_Task to carry out_.
Lift out, unaltered, the lines of the material below between the line holding "#71=CARTESIAN_POINT('',(2.,300.,-80.));" and the line holding "#79=DIRECTION('',(0.,0.,-1.));", counting both.
Start of Block
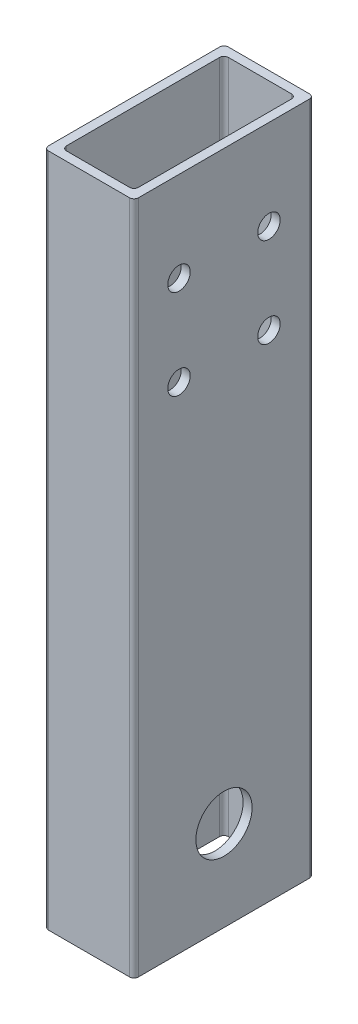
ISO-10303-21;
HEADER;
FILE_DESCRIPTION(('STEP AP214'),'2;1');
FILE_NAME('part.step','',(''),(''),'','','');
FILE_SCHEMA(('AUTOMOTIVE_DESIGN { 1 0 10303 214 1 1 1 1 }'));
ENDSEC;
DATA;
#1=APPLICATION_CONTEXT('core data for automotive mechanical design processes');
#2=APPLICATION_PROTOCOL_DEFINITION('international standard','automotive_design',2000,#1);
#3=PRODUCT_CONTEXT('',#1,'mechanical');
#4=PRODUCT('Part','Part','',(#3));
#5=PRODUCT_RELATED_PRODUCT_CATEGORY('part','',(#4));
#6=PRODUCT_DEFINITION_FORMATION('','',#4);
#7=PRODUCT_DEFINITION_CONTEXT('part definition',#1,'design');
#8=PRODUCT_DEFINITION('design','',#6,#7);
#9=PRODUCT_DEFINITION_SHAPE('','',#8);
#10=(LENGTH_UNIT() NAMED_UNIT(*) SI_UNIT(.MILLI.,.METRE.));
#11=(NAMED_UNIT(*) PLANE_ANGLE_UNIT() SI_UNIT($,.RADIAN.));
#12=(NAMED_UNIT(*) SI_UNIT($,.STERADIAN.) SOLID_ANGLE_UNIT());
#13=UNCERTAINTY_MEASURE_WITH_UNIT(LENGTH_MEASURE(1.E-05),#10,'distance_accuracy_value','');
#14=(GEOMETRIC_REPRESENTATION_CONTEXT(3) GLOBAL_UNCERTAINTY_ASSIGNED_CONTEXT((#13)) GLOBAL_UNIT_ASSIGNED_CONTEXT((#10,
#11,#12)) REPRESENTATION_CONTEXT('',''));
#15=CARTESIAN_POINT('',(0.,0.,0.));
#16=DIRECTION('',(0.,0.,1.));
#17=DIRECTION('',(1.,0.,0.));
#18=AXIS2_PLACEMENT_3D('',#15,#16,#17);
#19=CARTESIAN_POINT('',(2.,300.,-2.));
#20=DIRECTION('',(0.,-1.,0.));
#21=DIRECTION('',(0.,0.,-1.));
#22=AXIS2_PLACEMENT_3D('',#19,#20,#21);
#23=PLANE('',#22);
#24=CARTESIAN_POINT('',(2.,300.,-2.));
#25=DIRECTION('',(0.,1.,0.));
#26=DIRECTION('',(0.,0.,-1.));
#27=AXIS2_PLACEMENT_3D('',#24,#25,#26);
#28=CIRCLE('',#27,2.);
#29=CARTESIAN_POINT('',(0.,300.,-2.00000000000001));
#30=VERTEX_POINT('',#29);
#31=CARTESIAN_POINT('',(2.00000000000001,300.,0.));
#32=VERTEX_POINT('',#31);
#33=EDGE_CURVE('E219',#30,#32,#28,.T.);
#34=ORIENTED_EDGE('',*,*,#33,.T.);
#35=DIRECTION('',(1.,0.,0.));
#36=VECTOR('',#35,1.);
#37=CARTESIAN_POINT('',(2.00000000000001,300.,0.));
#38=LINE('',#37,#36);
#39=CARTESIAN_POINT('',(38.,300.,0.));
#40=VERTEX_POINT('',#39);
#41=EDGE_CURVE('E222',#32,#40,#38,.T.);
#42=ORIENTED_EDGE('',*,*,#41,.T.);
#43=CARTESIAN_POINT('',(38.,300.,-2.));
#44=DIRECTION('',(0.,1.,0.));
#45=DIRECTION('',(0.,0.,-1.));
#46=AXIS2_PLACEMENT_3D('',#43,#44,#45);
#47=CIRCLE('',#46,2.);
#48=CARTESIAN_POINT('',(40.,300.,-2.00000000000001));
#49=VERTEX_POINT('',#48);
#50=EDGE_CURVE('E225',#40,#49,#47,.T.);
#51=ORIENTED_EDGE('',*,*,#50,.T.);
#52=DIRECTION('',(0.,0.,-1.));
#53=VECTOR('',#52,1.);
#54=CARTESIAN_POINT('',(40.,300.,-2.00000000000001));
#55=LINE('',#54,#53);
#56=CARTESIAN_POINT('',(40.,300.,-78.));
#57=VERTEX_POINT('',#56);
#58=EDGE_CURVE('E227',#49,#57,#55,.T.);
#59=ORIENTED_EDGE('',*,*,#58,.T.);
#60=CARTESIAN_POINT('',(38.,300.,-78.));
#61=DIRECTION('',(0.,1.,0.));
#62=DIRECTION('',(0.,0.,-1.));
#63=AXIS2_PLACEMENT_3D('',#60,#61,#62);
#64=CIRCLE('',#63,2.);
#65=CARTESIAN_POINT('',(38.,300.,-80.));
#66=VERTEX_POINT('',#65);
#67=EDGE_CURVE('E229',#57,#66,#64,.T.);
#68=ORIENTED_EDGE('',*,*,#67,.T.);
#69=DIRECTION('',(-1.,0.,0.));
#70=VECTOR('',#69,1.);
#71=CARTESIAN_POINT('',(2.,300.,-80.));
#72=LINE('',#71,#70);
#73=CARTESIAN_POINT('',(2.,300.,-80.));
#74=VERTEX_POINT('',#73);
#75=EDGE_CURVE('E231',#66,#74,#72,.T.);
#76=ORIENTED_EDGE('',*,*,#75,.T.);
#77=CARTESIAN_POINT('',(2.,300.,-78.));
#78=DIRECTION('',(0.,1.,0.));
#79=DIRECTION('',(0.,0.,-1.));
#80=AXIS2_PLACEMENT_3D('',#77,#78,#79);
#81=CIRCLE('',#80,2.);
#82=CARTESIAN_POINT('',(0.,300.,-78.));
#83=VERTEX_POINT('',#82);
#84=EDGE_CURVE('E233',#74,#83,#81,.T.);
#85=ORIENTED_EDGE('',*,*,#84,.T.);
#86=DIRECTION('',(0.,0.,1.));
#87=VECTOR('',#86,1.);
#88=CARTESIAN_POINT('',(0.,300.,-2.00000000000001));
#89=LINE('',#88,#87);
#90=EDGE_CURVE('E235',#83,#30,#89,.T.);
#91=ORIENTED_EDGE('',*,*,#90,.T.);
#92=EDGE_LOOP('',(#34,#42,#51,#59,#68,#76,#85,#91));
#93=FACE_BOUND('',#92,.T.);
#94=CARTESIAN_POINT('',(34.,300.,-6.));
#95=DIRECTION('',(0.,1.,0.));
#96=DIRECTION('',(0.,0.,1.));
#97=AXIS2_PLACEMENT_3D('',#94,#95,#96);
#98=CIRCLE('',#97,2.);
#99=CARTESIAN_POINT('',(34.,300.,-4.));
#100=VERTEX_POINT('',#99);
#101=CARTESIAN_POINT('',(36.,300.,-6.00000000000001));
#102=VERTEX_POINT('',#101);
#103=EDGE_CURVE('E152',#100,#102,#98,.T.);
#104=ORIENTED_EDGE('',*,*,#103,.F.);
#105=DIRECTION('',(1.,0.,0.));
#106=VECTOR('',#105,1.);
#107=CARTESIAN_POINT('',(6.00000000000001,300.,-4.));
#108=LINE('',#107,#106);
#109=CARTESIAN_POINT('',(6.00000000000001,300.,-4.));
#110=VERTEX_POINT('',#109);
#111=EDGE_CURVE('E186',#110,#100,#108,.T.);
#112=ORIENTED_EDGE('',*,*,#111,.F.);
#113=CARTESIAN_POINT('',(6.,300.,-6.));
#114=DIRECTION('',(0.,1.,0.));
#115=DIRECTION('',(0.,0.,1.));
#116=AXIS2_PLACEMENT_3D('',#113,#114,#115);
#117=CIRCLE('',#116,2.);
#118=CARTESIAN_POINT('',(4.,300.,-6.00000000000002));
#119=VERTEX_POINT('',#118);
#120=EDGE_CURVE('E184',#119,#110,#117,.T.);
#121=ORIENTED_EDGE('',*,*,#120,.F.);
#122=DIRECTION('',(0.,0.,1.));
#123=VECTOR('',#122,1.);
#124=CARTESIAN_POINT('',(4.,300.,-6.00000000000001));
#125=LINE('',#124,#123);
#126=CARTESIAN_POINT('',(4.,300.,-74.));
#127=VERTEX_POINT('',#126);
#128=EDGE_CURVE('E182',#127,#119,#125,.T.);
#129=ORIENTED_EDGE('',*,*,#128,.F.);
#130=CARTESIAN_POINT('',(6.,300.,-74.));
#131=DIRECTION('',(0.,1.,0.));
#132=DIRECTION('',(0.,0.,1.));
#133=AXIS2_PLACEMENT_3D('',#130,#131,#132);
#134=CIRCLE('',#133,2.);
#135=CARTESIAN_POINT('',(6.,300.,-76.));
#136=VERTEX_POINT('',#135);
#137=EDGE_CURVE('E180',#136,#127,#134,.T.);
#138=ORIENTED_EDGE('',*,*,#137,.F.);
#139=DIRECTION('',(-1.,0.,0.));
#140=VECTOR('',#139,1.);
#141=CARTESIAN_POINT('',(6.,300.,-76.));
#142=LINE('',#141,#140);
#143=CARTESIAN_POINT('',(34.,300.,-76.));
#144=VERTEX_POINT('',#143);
End of Block
_Response to this task_.
#71=CARTESIAN_POINT('',(2.,300.,-80.));
#72=LINE('',#71,#70);
#73=CARTESIAN_POINT('',(2.,300.,-80.));
#74=VERTEX_POINT('',#73);
#75=EDGE_CURVE('E231',#66,#74,#72,.T.);
#76=ORIENTED_EDGE('',*,*,#75,.T.);
#77=CARTESIAN_POINT('',(2.,300.,-78.));
#78=DIRECTION('',(0.,1.,0.));
#79=DIRECTION('',(0.,0.,-1.));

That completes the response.